I KNOW we like to think otherwise but 75 years of independence later India still remains a largely poor, rural country, even if its urban cities are bursting with visible opulence and corpulence. Perhaps when we fast we realize the importance of food and respect it much more – instead of all the wasting of food that we do day in day out in our wealthy urban households. The more industrial junk food we buy and eat the more we chuck it or so I have noticed. Only the richer families can afford to dump food which in the first place may not even be edible or qualify as real food for life…more like fake food to speed up death!
THIS is to say know that fasting is scientific and nowadays we also hear of something called intermittent fasting which means you stay away from food for 16 hours at a stretch – and then eat modestly during a five hour windows gap!
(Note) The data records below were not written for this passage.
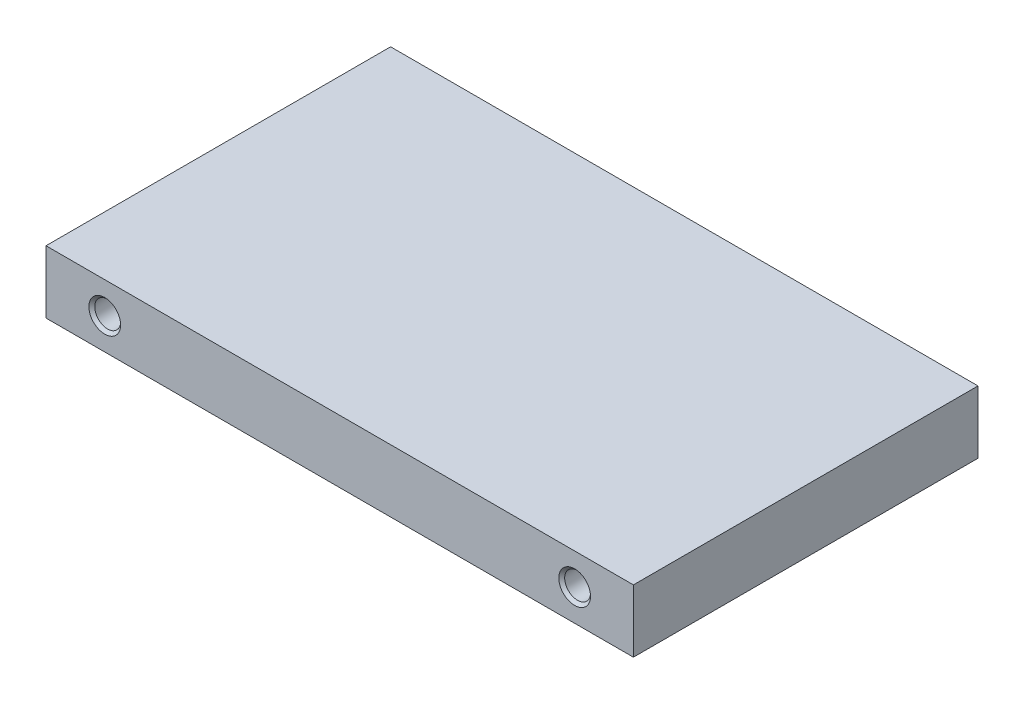
ISO-10303-21;
HEADER;
FILE_DESCRIPTION(('STEP AP214'),'2;1');
FILE_NAME('part.step','',(''),(''),'','','');
FILE_SCHEMA(('AUTOMOTIVE_DESIGN { 1 0 10303 214 1 1 1 1 }'));
ENDSEC;
DATA;
#1=APPLICATION_CONTEXT('core data for automotive mechanical design processes');
#2=APPLICATION_PROTOCOL_DEFINITION('international standard','automotive_design',2000,#1);
#3=PRODUCT_CONTEXT('',#1,'mechanical');
#4=PRODUCT('Part','Part','',(#3));
#5=PRODUCT_RELATED_PRODUCT_CATEGORY('part','',(#4));
#6=PRODUCT_DEFINITION_FORMATION('','',#4);
#7=PRODUCT_DEFINITION_CONTEXT('part definition',#1,'design');
#8=PRODUCT_DEFINITION('design','',#6,#7);
#9=PRODUCT_DEFINITION_SHAPE('','',#8);
#10=(LENGTH_UNIT() NAMED_UNIT(*) SI_UNIT(.MILLI.,.METRE.));
#11=(NAMED_UNIT(*) PLANE_ANGLE_UNIT() SI_UNIT($,.RADIAN.));
#12=(NAMED_UNIT(*) SI_UNIT($,.STERADIAN.) SOLID_ANGLE_UNIT());
#13=UNCERTAINTY_MEASURE_WITH_UNIT(LENGTH_MEASURE(1.E-05),#10,'distance_accuracy_value','');
#14=(GEOMETRIC_REPRESENTATION_CONTEXT(3) GLOBAL_UNCERTAINTY_ASSIGNED_CONTEXT((#13)) GLOBAL_UNIT_ASSIGNED_CONTEXT((#10,
#11,#12)) REPRESENTATION_CONTEXT('',''));
#15=CARTESIAN_POINT('',(0.,0.,0.));
#16=DIRECTION('',(0.,0.,1.));
#17=DIRECTION('',(1.,0.,0.));
#18=AXIS2_PLACEMENT_3D('',#15,#16,#17);
#19=CARTESIAN_POINT('',(21.5,8.,22.));
#20=DIRECTION('',(-1.,0.,0.));
#21=DIRECTION('',(0.,0.,1.));
#22=AXIS2_PLACEMENT_3D('',#19,#20,#21);
#23=PLANE('',#22);
#24=DIRECTION('',(0.,0.,-1.));
#25=VECTOR('',#24,1.);
#26=CARTESIAN_POINT('',(21.5,0.,22.));
#27=LINE('',#26,#25);
#28=CARTESIAN_POINT('',(21.5,0.,22.));
#29=VERTEX_POINT('',#28);
#30=CARTESIAN_POINT('',(21.5,0.,-22.));
#31=VERTEX_POINT('',#30);
#32=EDGE_CURVE('E104',#29,#31,#27,.T.);
#33=ORIENTED_EDGE('',*,*,#32,.T.);
#34=DIRECTION('',(0.,-1.,0.));
#35=VECTOR('',#34,1.);
#36=CARTESIAN_POINT('',(21.5,8.,-22.));
#37=LINE('',#36,#35);
#38=CARTESIAN_POINT('',(21.5,8.,-22.));
#39=VERTEX_POINT('',#38);
#40=EDGE_CURVE('E11',#39,#31,#37,.T.);
#41=ORIENTED_EDGE('',*,*,#40,.F.);
#42=DIRECTION('',(0.,0.,-1.));
#43=VECTOR('',#42,1.);
#44=CARTESIAN_POINT('',(21.5,8.,22.));
#45=LINE('',#44,#43);
#46=CARTESIAN_POINT('',(21.5,8.,22.));
#47=VERTEX_POINT('',#46);
#48=EDGE_CURVE('E92',#47,#39,#45,.T.);
#49=ORIENTED_EDGE('',*,*,#48,.F.);
#50=DIRECTION('',(0.,-1.,0.));
#51=VECTOR('',#50,1.);
#52=CARTESIAN_POINT('',(21.5,8.,22.));
#53=LINE('',#52,#51);
#54=EDGE_CURVE('E100',#47,#29,#53,.T.);
#55=ORIENTED_EDGE('',*,*,#54,.T.);
#56=EDGE_LOOP('',(#33,#41,#49,#55));
#57=FACE_BOUND('',#56,.T.);
#58=ADVANCED_FACE('F41',(#57),#23,.F.);
#59=CARTESIAN_POINT('',(21.5,8.,-22.));
#60=DIRECTION('',(0.,0.,1.));
#61=DIRECTION('',(1.,0.,0.));
#62=AXIS2_PLACEMENT_3D('',#59,#60,#61);
#63=PLANE('',#62);
#64=CARTESIAN_POINT('',(-46.,4.,-22.));
#65=DIRECTION('',(0.,0.,1.));
#66=DIRECTION('',(1.,0.,0.));
#67=AXIS2_PLACEMENT_3D('',#64,#65,#66);
#68=CIRCLE('',#67,1.64999999999999);
#69=CARTESIAN_POINT('',(-44.35,4.,-22.));
#70=VERTEX_POINT('',#69);
#71=EDGE_CURVE('E126',#70,#70,#68,.T.);
#72=ORIENTED_EDGE('',*,*,#71,.T.);
#73=EDGE_LOOP('',(#72));
#74=FACE_BOUND('',#73,.T.);
#75=CARTESIAN_POINT('',(14.,4.,-22.));
#76=DIRECTION('',(0.,0.,1.));
#77=DIRECTION('',(1.,0.,0.));
#78=AXIS2_PLACEMENT_3D('',#75,#76,#77);
#79=CIRCLE('',#78,1.64999999999999);
#80=CARTESIAN_POINT('',(15.65,4.,-22.));
#81=VERTEX_POINT('',#80);
#82=EDGE_CURVE('E107',#81,#81,#79,.T.);
#83=ORIENTED_EDGE('',*,*,#82,.T.);
#84=EDGE_LOOP('',(#83));
#85=FACE_BOUND('',#84,.T.);
#86=DIRECTION('',(-1.,0.,0.));
#87=VECTOR('',#86,1.);
#88=CARTESIAN_POINT('',(21.5,0.,-22.));
#89=LINE('',#88,#87);
#90=CARTESIAN_POINT('',(-53.5,0.,-22.));
#91=VERTEX_POINT('',#90);
#92=EDGE_CURVE('E96',#31,#91,#89,.T.);
#93=ORIENTED_EDGE('',*,*,#92,.T.);
#94=DIRECTION('',(0.,-1.,0.));
#95=VECTOR('',#94,1.);
#96=CARTESIAN_POINT('',(-53.5,8.,-22.));
#97=LINE('',#96,#95);
#98=CARTESIAN_POINT('',(-53.5,8.,-22.));
#99=VERTEX_POINT('',#98);
#100=EDGE_CURVE('E49',#99,#91,#97,.T.);
#101=ORIENTED_EDGE('',*,*,#100,.F.);
#102=DIRECTION('',(-1.,0.,0.));
#103=VECTOR('',#102,1.);
#104=CARTESIAN_POINT('',(21.5,8.,-22.));
#105=LINE('',#104,#103);
#106=EDGE_CURVE('E87',#39,#99,#105,.T.);
#107=ORIENTED_EDGE('',*,*,#106,.F.);
#108=ORIENTED_EDGE('',*,*,#40,.T.);
#109=EDGE_LOOP('',(#93,#101,#107,#108));
#110=FACE_BOUND('',#109,.T.);
#111=ADVANCED_FACE('F95',(#74,#85,#110),#63,.F.);
#112=CARTESIAN_POINT('',(-53.5,8.,-22.));
#113=DIRECTION('',(1.,0.,0.));
#114=DIRECTION('',(0.,0.,-1.));
#115=AXIS2_PLACEMENT_3D('',#112,#113,#114);
#116=PLANE('',#115);
#117=DIRECTION('',(0.,0.,1.));
#118=VECTOR('',#117,1.);
#119=CARTESIAN_POINT('',(-53.5,0.,-22.));
#120=LINE('',#119,#118);
#121=CARTESIAN_POINT('',(-53.5,0.,22.));
#122=VERTEX_POINT('',#121);
#123=EDGE_CURVE('E74',#91,#122,#120,.T.);
#124=ORIENTED_EDGE('',*,*,#123,.T.);
#125=DIRECTION('',(0.,-1.,0.));
#126=VECTOR('',#125,1.);
#127=CARTESIAN_POINT('',(-53.5,8.,22.));
#128=LINE('',#127,#126);
#129=CARTESIAN_POINT('',(-53.5,8.,22.));
#130=VERTEX_POINT('',#129);
#131=EDGE_CURVE('E97',#130,#122,#128,.T.);
#132=ORIENTED_EDGE('',*,*,#131,.F.);
#133=DIRECTION('',(0.,0.,1.));
#134=VECTOR('',#133,1.);
#135=CARTESIAN_POINT('',(-53.5,8.,-22.));
#136=LINE('',#135,#134);
#137=EDGE_CURVE('E90',#99,#130,#136,.T.);
#138=ORIENTED_EDGE('',*,*,#137,.F.);
#139=ORIENTED_EDGE('',*,*,#100,.T.);
#140=EDGE_LOOP('',(#124,#132,#138,#139));
#141=FACE_BOUND('',#140,.T.);
#142=ADVANCED_FACE('F98',(#141),#116,.F.);
#143=CARTESIAN_POINT('',(-53.5,8.,22.));
#144=DIRECTION('',(0.,0.,-1.));
#145=DIRECTION('',(-1.,0.,0.));
#146=AXIS2_PLACEMENT_3D('',#143,#144,#145);
#147=PLANE('',#146);
#148=CARTESIAN_POINT('',(-46.,4.,22.));
#149=DIRECTION('',(0.,0.,1.));
#150=DIRECTION('',(1.,0.,0.));
#151=AXIS2_PLACEMENT_3D('',#148,#149,#150);
#152=CIRCLE('',#151,2.025);
#153=CARTESIAN_POINT('',(-43.975,4.,22.));
#154=VERTEX_POINT('',#153);
#155=EDGE_CURVE('E132',#154,#154,#152,.T.);
#156=ORIENTED_EDGE('',*,*,#155,.F.);
#157=EDGE_LOOP('',(#156));
#158=FACE_BOUND('',#157,.T.);
#159=CARTESIAN_POINT('',(14.,4.,22.));
#160=DIRECTION('',(0.,0.,1.));
#161=DIRECTION('',(1.,0.,0.));
#162=AXIS2_PLACEMENT_3D('',#159,#160,#161);
#163=CIRCLE('',#162,2.025);
#164=CARTESIAN_POINT('',(16.025,4.,22.));
#165=VERTEX_POINT('',#164);
#166=EDGE_CURVE('E123',#165,#165,#163,.T.);
#167=ORIENTED_EDGE('',*,*,#166,.F.);
#168=EDGE_LOOP('',(#167));
#169=FACE_BOUND('',#168,.T.);
#170=DIRECTION('',(1.,0.,0.));
#171=VECTOR('',#170,1.);
#172=CARTESIAN_POINT('',(-53.5,0.,22.));
#173=LINE('',#172,#171);
#174=EDGE_CURVE('E80',#122,#29,#173,.T.);
#175=ORIENTED_EDGE('',*,*,#174,.T.);
#176=ORIENTED_EDGE('',*,*,#54,.F.);
#177=DIRECTION('',(1.,0.,0.));
#178=VECTOR('',#177,1.);
#179=CARTESIAN_POINT('',(-53.5,8.,22.));
#180=LINE('',#179,#178);
#181=EDGE_CURVE('E57',#130,#47,#180,.T.);
#182=ORIENTED_EDGE('',*,*,#181,.F.);
#183=ORIENTED_EDGE('',*,*,#131,.T.);
#184=EDGE_LOOP('',(#175,#176,#182,#183));
#185=FACE_BOUND('',#184,.T.);
#186=ADVANCED_FACE('F112',(#158,#169,#185),#147,.F.);
#187=CARTESIAN_POINT('',(0.,8.,0.));
#188=DIRECTION('',(0.,1.,0.));
#189=DIRECTION('',(0.,0.,1.));
#190=AXIS2_PLACEMENT_3D('',#187,#188,#189);
#191=PLANE('',#190);
#192=ORIENTED_EDGE('',*,*,#48,.T.);
#193=ORIENTED_EDGE('',*,*,#106,.T.);
#194=ORIENTED_EDGE('',*,*,#137,.T.);
#195=ORIENTED_EDGE('',*,*,#181,.T.);
#196=EDGE_LOOP('',(#192,#193,#194,#195));
#197=FACE_BOUND('',#196,.T.);
#198=ADVANCED_FACE('F88',(#197),#191,.T.);
#199=CARTESIAN_POINT('',(0.,0.,0.));
#200=DIRECTION('',(0.,1.,0.));
#201=DIRECTION('',(0.,0.,1.));
#202=AXIS2_PLACEMENT_3D('',#199,#200,#201);
#203=PLANE('',#202);
#204=ORIENTED_EDGE('',*,*,#32,.F.);
#205=ORIENTED_EDGE('',*,*,#174,.F.);
#206=ORIENTED_EDGE('',*,*,#123,.F.);
#207=ORIENTED_EDGE('',*,*,#92,.F.);
#208=EDGE_LOOP('',(#204,#205,#206,#207));
#209=FACE_BOUND('',#208,.T.);
#210=ADVANCED_FACE('F115',(#209),#203,.F.);
#211=CARTESIAN_POINT('',(14.,4.,22.));
#212=DIRECTION('',(0.,0.,1.));
#213=DIRECTION('',(1.,0.,0.));
#214=AXIS2_PLACEMENT_3D('',#211,#212,#213);
#215=CYLINDRICAL_SURFACE('',#214,1.64999999999999);
#216=ORIENTED_EDGE('',*,*,#82,.F.);
#217=EDGE_LOOP('',(#216));
#218=FACE_BOUND('',#217,.T.);
#219=CARTESIAN_POINT('',(14.,4.,21.625));
#220=DIRECTION('',(0.,0.,1.));
#221=DIRECTION('',(1.,0.,0.));
#222=AXIS2_PLACEMENT_3D('',#219,#220,#221);
#223=CIRCLE('',#222,1.65);
#224=CARTESIAN_POINT('',(15.65,4.,21.625));
#225=VERTEX_POINT('',#224);
#226=EDGE_CURVE('E120',#225,#225,#223,.T.);
#227=ORIENTED_EDGE('',*,*,#226,.T.);
#228=EDGE_LOOP('',(#227));
#229=FACE_BOUND('',#228,.T.);
#230=ADVANCED_FACE('F146',(#218,#229),#215,.F.);
#231=CARTESIAN_POINT('',(14.,4.,22.));
#232=DIRECTION('',(0.,0.,1.));
#233=DIRECTION('',(1.,0.,0.));
#234=AXIS2_PLACEMENT_3D('',#231,#232,#233);
#235=CONICAL_SURFACE('',#234,2.025,0.785398163397453);
#236=ORIENTED_EDGE('',*,*,#226,.F.);
#237=EDGE_LOOP('',(#236));
#238=FACE_BOUND('',#237,.T.);
#239=ORIENTED_EDGE('',*,*,#166,.T.);
#240=EDGE_LOOP('',(#239));
#241=FACE_BOUND('',#240,.T.);
#242=ADVANCED_FACE('F143',(#238,#241),#235,.F.);
#243=CARTESIAN_POINT('',(-46.,4.,22.));
#244=DIRECTION('',(0.,0.,1.));
#245=DIRECTION('',(1.,0.,0.));
#246=AXIS2_PLACEMENT_3D('',#243,#244,#245);
#247=CYLINDRICAL_SURFACE('',#246,1.64999999999999);
#248=ORIENTED_EDGE('',*,*,#71,.F.);
#249=EDGE_LOOP('',(#248));
#250=FACE_BOUND('',#249,.T.);
#251=CARTESIAN_POINT('',(-46.,4.,21.625));
#252=DIRECTION('',(0.,0.,1.));
#253=DIRECTION('',(1.,0.,0.));
#254=AXIS2_PLACEMENT_3D('',#251,#252,#253);
#255=CIRCLE('',#254,1.64999999999999);
#256=CARTESIAN_POINT('',(-44.35,4.,21.625));
#257=VERTEX_POINT('',#256);
#258=EDGE_CURVE('E129',#257,#257,#255,.T.);
#259=ORIENTED_EDGE('',*,*,#258,.T.);
#260=EDGE_LOOP('',(#259));
#261=FACE_BOUND('',#260,.T.);
#262=ADVANCED_FACE('F145',(#250,#261),#247,.F.);
#263=CARTESIAN_POINT('',(-46.,4.,22.));
#264=DIRECTION('',(0.,0.,1.));
#265=DIRECTION('',(1.,0.,0.));
#266=AXIS2_PLACEMENT_3D('',#263,#264,#265);
#267=CONICAL_SURFACE('',#266,2.025,0.785398163397458);
#268=ORIENTED_EDGE('',*,*,#258,.F.);
#269=EDGE_LOOP('',(#268));
#270=FACE_BOUND('',#269,.T.);
#271=ORIENTED_EDGE('',*,*,#155,.T.);
#272=EDGE_LOOP('',(#271));
#273=FACE_BOUND('',#272,.T.);
#274=ADVANCED_FACE('F136',(#270,#273),#267,.F.);
#275=CLOSED_SHELL('',(#58,#111,#142,#186,#198,#210,#230,#242,#262,#274));
#276=MANIFOLD_SOLID_BREP('B2',#275);
#277=ADVANCED_BREP_SHAPE_REPRESENTATION('',(#18,#276),#14);
#278=SHAPE_DEFINITION_REPRESENTATION(#9,#277);
ENDSEC;
END-ISO-10303-21;

Of course we know that eating real food, exercising and sleeping without stressing over this, that or the other issues plaguing life…are the important factors to focus on. Easy to say, hard to do!
Preventive health tool
Any number of studies have now proved that fasting (as long as you are not too far gone into some ill health and are advised against fasting) does help improve health all around and make a difference to the degenerative diseases so many of us suffer from in our soft living urban milieus. Potentially even a little bit of fasting benefits — in matters of weight loss, improved blood sugar control, heart health, even the brain functions better. There are several benefits of fasting backed by scientific studies and in fact, intermittent fasting is an idea gathering popularity in recent times.
Apart from fasting promoting better blood sugar control by reducing insulin resistance it is proven that all inflammation markers (inflammation being the cardinal indicator of severity of chronic disease in body beautiful) improve with fasting and better eating habits. Once inflammation is reduced all parameters of health improve and this has been so even in the case of multiple sclerosis (a chronic inflammatory condition)… if fasting improves and boosts brain function nerve cell synthesis improves and protects from neurodegenerative conditions such as Parkinson’s and Alzheimer’s.
In conclusion don’t shun fasting regularly, fasting is a time-tested traditional tool of preventive health care, just as doing yoga is – this monsoon if you’re suffering too much from whatever, give it a thought. Fast if you can on warm water once a week or a well-planned predominantly plant based and nutrient dense meal or small meals just so as to help yourself stay alive much more happily…and this is advice I am giving myself too, okay!